[Records contained in a dataset]

------------------------------------------------

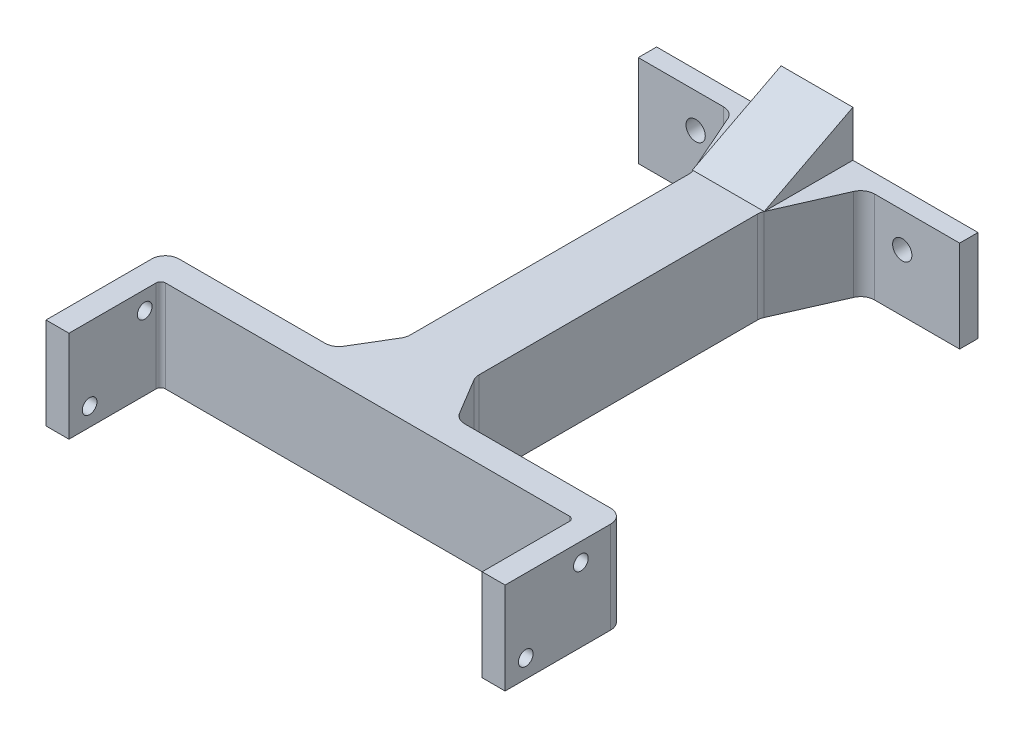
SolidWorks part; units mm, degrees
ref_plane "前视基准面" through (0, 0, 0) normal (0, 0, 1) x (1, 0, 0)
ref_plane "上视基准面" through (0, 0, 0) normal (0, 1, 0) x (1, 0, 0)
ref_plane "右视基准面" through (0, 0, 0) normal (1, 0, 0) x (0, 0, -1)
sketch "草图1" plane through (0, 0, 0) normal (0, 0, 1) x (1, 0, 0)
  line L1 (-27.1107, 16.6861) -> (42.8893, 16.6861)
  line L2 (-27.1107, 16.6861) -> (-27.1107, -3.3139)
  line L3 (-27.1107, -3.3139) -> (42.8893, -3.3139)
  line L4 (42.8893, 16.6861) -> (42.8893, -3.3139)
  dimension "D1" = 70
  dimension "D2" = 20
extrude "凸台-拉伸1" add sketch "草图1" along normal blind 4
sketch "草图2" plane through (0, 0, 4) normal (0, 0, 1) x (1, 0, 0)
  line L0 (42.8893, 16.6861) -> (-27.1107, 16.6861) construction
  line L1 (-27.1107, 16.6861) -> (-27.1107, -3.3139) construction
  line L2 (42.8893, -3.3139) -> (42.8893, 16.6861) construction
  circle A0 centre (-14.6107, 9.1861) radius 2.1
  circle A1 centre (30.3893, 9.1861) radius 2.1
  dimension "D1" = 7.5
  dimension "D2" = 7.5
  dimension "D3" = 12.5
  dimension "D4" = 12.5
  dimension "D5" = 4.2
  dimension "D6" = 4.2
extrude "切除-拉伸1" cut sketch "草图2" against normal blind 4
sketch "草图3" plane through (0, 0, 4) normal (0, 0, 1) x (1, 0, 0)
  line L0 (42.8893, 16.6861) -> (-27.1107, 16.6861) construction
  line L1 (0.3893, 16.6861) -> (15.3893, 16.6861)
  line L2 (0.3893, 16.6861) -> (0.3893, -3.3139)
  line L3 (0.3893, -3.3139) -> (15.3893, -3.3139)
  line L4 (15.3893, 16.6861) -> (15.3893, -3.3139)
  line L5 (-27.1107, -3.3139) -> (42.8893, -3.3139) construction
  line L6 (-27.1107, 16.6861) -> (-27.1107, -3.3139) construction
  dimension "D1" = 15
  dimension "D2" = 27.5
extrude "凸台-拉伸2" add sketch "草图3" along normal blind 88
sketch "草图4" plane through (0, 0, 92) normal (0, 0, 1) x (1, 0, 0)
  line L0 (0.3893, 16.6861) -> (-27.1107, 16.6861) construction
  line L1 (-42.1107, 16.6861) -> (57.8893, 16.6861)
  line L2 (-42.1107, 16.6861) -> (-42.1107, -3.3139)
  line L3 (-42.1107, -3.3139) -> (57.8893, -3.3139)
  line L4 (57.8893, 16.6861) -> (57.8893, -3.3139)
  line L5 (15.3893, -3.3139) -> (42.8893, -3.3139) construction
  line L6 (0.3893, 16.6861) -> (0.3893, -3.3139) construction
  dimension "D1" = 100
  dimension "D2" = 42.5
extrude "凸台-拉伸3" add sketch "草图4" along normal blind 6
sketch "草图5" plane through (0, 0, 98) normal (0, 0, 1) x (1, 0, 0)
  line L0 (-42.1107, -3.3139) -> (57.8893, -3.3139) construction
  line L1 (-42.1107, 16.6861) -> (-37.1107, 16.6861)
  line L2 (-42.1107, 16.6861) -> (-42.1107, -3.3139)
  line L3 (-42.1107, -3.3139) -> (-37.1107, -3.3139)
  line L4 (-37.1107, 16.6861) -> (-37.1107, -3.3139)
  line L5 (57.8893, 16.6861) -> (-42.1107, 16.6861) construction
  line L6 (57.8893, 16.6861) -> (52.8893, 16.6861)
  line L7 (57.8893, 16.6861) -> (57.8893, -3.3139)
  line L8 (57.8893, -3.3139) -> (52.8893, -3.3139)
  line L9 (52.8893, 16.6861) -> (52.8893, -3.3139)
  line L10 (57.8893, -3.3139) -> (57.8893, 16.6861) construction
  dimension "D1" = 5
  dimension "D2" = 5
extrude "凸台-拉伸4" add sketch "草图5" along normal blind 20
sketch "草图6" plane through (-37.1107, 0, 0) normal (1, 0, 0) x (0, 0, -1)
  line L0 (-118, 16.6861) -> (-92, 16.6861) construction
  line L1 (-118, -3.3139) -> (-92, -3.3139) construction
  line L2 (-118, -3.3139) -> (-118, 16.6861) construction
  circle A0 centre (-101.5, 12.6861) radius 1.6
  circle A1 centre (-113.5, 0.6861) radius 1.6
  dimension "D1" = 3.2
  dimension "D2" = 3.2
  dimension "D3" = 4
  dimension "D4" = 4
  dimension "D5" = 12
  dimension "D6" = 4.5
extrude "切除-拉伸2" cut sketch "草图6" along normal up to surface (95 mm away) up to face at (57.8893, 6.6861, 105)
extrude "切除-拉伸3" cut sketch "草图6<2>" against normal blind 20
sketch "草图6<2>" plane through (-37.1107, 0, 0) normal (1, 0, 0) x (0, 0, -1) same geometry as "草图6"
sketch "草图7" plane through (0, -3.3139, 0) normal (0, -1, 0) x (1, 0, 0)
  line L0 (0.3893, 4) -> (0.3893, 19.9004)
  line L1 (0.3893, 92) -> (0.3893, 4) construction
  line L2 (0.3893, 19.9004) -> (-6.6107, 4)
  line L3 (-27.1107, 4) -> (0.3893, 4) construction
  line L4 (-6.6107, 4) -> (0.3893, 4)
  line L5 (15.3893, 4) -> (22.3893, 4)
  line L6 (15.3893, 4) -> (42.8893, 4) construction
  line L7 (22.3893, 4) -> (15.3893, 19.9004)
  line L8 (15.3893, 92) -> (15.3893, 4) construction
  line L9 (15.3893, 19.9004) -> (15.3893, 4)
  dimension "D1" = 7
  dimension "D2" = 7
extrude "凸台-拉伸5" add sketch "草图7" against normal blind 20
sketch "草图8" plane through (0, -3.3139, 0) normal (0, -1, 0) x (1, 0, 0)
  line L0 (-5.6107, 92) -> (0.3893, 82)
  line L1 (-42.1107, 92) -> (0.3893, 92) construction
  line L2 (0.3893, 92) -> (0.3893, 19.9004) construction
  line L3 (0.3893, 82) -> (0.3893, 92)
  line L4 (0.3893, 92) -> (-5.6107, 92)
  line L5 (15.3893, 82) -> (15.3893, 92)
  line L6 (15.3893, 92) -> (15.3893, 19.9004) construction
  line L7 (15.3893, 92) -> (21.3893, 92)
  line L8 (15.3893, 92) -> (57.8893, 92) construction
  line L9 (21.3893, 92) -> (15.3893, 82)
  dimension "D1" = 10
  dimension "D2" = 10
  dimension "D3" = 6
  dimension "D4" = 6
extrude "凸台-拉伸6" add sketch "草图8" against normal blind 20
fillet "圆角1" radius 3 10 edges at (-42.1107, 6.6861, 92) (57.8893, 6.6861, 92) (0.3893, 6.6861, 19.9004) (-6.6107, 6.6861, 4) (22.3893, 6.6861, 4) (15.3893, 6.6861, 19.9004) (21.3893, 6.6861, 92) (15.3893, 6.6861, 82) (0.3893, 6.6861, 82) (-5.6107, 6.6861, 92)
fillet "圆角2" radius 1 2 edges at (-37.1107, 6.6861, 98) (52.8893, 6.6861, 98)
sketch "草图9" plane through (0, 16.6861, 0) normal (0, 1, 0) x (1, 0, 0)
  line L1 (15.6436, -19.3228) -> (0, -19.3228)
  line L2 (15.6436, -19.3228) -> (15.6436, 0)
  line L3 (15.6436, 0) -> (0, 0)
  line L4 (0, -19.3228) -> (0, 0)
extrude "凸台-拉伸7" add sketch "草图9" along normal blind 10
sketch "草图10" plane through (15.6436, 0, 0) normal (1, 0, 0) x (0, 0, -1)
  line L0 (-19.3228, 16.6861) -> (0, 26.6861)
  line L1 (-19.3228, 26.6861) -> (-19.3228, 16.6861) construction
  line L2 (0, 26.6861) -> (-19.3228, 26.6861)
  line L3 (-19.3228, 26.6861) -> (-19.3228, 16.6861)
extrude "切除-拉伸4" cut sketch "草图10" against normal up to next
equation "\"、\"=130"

------------------------------------------------

=== Task objective ===
Each line from the one containing "line L2 (15.6436, -19.3228) -> (15.6436, 0)" through the end of the entries, both included, is to be returned exactly, with no other lines.

=== The answer ===
  line L2 (15.6436, -19.3228) -> (15.6436, 0)
  line L3 (15.6436, 0) -> (0, 0)
  line L4 (0, -19.3228) -> (0, 0)
extrude "凸台-拉伸7" add sketch "草图9" along normal blind 10
sketch "草图10" plane through (15.6436, 0, 0) normal (1, 0, 0) x (0, 0, -1)
  line L0 (-19.3228, 16.6861) -> (0, 26.6861)
  line L1 (-19.3228, 26.6861) -> (-19.3228, 16.6861) construction
  line L2 (0, 26.6861) -> (-19.3228, 26.6861)
  line L3 (-19.3228, 26.6861) -> (-19.3228, 16.6861)
extrude "切除-拉伸4" cut sketch "草图10" against normal up to next
equation "\"、\"=130"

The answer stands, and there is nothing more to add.